# Refurbed 7D's



## snerd (Aug 14, 2013)

Just saw posted on another forum.

http://www.ebay.com/itm/370868865044...84.m1423.l2649


----------



## MarshallG (Aug 18, 2013)

I bet we'll be able to buy new 7D's for under $999 once Canon announces the 7D mII.

If Canon announces the 7D mII


----------



## JTPhotography (Aug 18, 2013)

I have a 7d and am not happy with the image quality. It is currently a back up body that will be replaced with a 70d. When you compare the price and specs of the two, it is a no brainer. Unless you need the weather proofing, either get a 70d or hold out for the mII.


----------



## JohnTrav (Aug 18, 2013)

JTPhotography said:


> I have a 7d and am not happy with the image quality. It is currently a back up body that will be replaced with a 70d. When you compare the price and specs of the two, it is a no brainer. Unless you need the weather proofing, either get a 70d or hold out for the mII.

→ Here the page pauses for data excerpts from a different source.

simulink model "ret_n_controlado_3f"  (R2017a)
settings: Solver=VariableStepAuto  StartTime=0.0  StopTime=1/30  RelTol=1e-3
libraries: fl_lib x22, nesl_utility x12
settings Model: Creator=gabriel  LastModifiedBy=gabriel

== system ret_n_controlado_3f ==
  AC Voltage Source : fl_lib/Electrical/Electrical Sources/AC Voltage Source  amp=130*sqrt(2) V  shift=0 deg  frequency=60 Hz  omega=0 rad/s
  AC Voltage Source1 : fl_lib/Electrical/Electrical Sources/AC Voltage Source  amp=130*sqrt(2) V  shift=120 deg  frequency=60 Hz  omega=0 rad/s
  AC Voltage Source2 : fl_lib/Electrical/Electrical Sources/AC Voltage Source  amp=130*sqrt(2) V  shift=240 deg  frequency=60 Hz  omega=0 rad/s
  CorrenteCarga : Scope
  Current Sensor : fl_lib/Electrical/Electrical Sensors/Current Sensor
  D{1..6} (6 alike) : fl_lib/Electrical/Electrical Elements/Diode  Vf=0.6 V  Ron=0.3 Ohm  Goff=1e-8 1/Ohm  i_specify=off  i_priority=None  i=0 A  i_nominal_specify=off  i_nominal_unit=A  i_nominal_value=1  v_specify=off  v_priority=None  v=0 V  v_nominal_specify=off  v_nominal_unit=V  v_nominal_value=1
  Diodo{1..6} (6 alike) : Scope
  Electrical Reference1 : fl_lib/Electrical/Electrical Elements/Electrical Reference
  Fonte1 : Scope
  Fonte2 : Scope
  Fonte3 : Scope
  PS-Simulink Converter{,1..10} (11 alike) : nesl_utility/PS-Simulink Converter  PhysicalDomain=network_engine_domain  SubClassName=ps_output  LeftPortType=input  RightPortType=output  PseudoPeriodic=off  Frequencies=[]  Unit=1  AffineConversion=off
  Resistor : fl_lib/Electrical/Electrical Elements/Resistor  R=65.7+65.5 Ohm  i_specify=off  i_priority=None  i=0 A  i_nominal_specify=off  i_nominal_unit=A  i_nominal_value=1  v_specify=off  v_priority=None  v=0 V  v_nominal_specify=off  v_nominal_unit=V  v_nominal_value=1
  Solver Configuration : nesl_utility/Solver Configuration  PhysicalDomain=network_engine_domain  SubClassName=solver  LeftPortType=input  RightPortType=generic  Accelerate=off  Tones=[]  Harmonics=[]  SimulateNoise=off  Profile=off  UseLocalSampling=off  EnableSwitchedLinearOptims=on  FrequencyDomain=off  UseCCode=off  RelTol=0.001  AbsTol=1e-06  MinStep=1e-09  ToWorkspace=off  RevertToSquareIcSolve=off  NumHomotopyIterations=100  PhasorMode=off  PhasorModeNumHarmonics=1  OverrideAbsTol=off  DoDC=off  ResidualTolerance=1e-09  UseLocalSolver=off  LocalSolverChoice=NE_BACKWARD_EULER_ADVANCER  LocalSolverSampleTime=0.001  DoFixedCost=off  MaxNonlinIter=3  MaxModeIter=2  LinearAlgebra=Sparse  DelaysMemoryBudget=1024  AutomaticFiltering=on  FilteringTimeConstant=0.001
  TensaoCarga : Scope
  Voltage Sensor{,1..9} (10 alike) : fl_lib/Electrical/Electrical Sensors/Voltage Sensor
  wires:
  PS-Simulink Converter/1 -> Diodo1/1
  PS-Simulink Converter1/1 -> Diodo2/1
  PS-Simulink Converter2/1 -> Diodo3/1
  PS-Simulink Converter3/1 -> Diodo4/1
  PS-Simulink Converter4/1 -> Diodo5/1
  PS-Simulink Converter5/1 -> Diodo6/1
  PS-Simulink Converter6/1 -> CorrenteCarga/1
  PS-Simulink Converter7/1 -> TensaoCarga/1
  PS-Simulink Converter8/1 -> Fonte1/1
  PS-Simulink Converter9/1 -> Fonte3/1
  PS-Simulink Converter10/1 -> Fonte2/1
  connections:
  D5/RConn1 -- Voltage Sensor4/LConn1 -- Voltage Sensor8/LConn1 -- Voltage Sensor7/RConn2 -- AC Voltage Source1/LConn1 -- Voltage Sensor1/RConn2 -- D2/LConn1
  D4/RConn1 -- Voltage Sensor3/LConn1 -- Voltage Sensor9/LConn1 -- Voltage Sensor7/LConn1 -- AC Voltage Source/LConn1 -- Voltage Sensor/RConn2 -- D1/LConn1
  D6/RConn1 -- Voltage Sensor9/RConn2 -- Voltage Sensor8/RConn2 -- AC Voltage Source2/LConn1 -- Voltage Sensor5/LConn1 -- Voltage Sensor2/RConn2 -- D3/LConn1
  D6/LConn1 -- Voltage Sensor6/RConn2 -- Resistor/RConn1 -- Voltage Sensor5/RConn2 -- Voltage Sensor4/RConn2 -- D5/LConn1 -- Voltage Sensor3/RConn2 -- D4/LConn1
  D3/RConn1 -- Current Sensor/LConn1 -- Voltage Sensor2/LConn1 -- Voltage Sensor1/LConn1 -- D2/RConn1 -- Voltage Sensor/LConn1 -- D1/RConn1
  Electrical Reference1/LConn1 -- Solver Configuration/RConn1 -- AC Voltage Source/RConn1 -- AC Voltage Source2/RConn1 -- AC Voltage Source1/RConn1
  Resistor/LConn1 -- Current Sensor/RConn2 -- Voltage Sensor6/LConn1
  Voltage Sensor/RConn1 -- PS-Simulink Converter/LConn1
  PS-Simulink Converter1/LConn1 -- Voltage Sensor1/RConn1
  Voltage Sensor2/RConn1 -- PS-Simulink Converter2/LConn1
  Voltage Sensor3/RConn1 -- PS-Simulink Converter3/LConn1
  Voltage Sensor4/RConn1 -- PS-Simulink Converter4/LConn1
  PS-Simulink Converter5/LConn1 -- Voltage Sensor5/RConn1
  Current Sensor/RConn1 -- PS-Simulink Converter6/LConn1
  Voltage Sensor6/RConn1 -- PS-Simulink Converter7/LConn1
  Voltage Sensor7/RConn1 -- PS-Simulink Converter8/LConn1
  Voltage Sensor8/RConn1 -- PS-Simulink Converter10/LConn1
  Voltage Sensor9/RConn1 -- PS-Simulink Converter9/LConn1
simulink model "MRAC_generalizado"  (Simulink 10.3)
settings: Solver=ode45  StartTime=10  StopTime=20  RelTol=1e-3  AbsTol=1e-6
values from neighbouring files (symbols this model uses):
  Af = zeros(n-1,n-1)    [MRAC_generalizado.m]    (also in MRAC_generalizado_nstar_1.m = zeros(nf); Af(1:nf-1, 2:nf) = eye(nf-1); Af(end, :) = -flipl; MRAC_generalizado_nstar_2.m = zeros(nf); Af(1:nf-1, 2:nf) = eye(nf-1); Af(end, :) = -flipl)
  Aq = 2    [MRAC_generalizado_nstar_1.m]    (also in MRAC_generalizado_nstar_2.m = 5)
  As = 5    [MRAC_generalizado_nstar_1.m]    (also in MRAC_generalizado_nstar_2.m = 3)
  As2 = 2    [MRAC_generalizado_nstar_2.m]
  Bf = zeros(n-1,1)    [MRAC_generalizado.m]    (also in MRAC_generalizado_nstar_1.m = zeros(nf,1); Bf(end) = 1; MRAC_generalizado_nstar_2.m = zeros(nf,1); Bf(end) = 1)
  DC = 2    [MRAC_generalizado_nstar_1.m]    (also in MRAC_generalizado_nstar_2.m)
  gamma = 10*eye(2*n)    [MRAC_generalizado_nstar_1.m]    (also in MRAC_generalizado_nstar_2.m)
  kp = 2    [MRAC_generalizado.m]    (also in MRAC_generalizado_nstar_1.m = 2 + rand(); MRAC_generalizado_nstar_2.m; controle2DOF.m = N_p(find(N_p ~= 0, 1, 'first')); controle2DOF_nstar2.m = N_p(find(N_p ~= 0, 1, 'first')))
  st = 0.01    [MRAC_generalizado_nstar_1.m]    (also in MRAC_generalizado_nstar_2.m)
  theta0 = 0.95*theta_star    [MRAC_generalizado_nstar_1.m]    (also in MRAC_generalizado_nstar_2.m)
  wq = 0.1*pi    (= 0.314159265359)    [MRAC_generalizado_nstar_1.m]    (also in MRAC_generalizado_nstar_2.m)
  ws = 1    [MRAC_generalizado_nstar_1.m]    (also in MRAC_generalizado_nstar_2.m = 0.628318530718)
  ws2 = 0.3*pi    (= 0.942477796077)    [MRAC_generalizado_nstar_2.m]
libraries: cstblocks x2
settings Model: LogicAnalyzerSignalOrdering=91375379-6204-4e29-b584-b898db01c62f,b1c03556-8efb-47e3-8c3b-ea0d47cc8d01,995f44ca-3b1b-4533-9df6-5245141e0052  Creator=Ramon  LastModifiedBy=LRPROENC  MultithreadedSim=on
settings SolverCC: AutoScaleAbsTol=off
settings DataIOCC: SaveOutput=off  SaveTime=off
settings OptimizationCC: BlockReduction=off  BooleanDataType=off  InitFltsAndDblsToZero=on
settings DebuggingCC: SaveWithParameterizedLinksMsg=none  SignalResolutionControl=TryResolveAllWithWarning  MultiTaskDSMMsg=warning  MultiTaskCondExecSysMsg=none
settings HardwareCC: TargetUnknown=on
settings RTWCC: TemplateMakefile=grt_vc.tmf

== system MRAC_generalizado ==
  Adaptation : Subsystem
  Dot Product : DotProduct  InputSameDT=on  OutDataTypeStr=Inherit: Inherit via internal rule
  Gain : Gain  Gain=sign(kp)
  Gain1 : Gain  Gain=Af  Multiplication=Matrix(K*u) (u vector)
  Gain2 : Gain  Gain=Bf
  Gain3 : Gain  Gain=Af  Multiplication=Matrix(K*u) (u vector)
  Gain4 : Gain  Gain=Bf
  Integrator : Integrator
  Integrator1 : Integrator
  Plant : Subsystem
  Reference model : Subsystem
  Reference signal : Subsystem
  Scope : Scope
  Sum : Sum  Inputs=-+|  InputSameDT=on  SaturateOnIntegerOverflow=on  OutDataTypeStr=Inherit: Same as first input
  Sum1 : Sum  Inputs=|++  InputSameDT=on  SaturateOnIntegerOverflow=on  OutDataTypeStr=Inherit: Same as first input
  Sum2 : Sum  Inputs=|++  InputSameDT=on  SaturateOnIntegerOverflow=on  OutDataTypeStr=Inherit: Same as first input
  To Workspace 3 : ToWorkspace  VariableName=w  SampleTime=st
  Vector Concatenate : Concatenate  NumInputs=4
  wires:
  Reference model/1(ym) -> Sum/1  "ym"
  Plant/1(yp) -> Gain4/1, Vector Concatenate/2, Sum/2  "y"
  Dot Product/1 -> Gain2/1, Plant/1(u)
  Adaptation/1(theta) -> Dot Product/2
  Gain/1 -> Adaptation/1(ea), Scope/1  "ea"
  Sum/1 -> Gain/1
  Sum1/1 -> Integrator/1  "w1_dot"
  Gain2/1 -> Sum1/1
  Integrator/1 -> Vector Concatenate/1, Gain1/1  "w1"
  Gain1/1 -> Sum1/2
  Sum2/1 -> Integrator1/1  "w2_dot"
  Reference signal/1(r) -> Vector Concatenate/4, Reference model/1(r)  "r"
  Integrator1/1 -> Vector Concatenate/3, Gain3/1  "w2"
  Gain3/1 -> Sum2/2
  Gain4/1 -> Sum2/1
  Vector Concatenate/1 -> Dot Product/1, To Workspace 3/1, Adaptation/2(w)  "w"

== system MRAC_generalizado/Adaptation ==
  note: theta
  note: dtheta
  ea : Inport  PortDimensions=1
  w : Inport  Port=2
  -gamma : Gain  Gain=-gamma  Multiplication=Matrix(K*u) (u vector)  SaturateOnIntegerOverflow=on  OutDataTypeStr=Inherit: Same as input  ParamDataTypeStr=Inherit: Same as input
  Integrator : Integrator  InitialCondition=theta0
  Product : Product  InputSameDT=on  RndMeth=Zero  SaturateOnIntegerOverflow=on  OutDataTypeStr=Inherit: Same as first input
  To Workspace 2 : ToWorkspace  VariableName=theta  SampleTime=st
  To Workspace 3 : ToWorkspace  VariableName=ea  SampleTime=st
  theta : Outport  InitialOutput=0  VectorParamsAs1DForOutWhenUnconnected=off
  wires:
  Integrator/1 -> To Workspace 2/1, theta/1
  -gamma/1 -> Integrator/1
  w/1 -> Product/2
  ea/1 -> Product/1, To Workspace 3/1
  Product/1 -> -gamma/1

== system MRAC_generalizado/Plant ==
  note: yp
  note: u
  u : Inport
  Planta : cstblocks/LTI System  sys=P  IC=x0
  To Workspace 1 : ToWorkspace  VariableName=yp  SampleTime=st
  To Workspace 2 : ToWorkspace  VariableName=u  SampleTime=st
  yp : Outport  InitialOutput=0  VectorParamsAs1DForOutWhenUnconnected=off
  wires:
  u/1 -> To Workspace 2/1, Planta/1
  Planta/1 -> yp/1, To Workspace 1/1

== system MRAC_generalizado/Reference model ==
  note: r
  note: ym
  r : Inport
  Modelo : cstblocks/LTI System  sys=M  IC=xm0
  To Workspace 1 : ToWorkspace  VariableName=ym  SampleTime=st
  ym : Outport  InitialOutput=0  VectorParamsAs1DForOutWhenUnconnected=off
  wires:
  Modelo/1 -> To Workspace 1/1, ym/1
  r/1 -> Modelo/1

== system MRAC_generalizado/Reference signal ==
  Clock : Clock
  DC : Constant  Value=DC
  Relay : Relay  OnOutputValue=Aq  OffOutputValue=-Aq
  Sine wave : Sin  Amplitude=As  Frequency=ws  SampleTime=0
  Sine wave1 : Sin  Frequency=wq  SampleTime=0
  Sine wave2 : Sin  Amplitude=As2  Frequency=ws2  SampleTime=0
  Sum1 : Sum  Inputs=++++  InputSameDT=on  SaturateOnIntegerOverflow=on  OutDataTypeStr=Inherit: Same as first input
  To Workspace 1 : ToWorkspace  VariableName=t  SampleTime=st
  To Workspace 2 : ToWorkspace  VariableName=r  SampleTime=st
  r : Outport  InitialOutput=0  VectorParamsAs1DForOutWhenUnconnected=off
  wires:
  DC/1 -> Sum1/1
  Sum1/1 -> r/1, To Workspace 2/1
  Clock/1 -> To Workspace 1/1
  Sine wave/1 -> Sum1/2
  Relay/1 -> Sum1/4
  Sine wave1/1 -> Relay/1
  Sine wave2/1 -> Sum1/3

Out of curiosity. What makes you not like the 7D image quality? I have used one for years and have not had a problem. I know a lot is usually personal opinion. 

Only time I had a problem with my 7D is when it was user error of not being knowledgeable of what I was doing at the time and still learning.


----------



## JTPhotography (Aug 18, 2013)

JohnTrav said:


> JTPhotography said:
> 
> 
> > I have a 7d and am not happy with the image quality. It is currently a back up body that will be replaced with a 70d. When you compare the price and specs of the two, it is a no brainer. Unless you need the weather proofing, either get a 70d or hold out for the mII.
> ...



I should have been more specific. I am not happy with the image quality in relation to my 5dmkiii. I make a lot of large prints and that is when the weakness really comes out. Definitely not the best sensor out there. I don't like the ISO performance, i never shoot above ISO 400 or I get too much grain and noise. I have gotten some great images from it though. A great camera for certain uses. I love the ergonomics and speed as well as the autofocus. But comparing it to full frame probably isn't fair. If I were in the market for just one crop sensor dslr, it wouldn't be my first choice. The 70d blows it away on paper anyway.


----------



## JohnTrav (Aug 18, 2013)

JTPhotography said:


> I should have been more specific. I am not happy with the image quality in relation to my 5dmkiii. I make a lot of large prints and that is when the weakness really comes out. Definitely not the best sensor out there. I don't like the ISO performance, i never shoot above ISO 400 or I get too much grain and noise. I have gotten some great images from it though. A great camera for certain uses. I love the ergonomics and speed as well as the autofocus. But comparing it to full frame probably isn't fair. If I were in the market for just one crop sensor dslr, it wouldn't be my first choice. The 70d blows it away on paper anyway.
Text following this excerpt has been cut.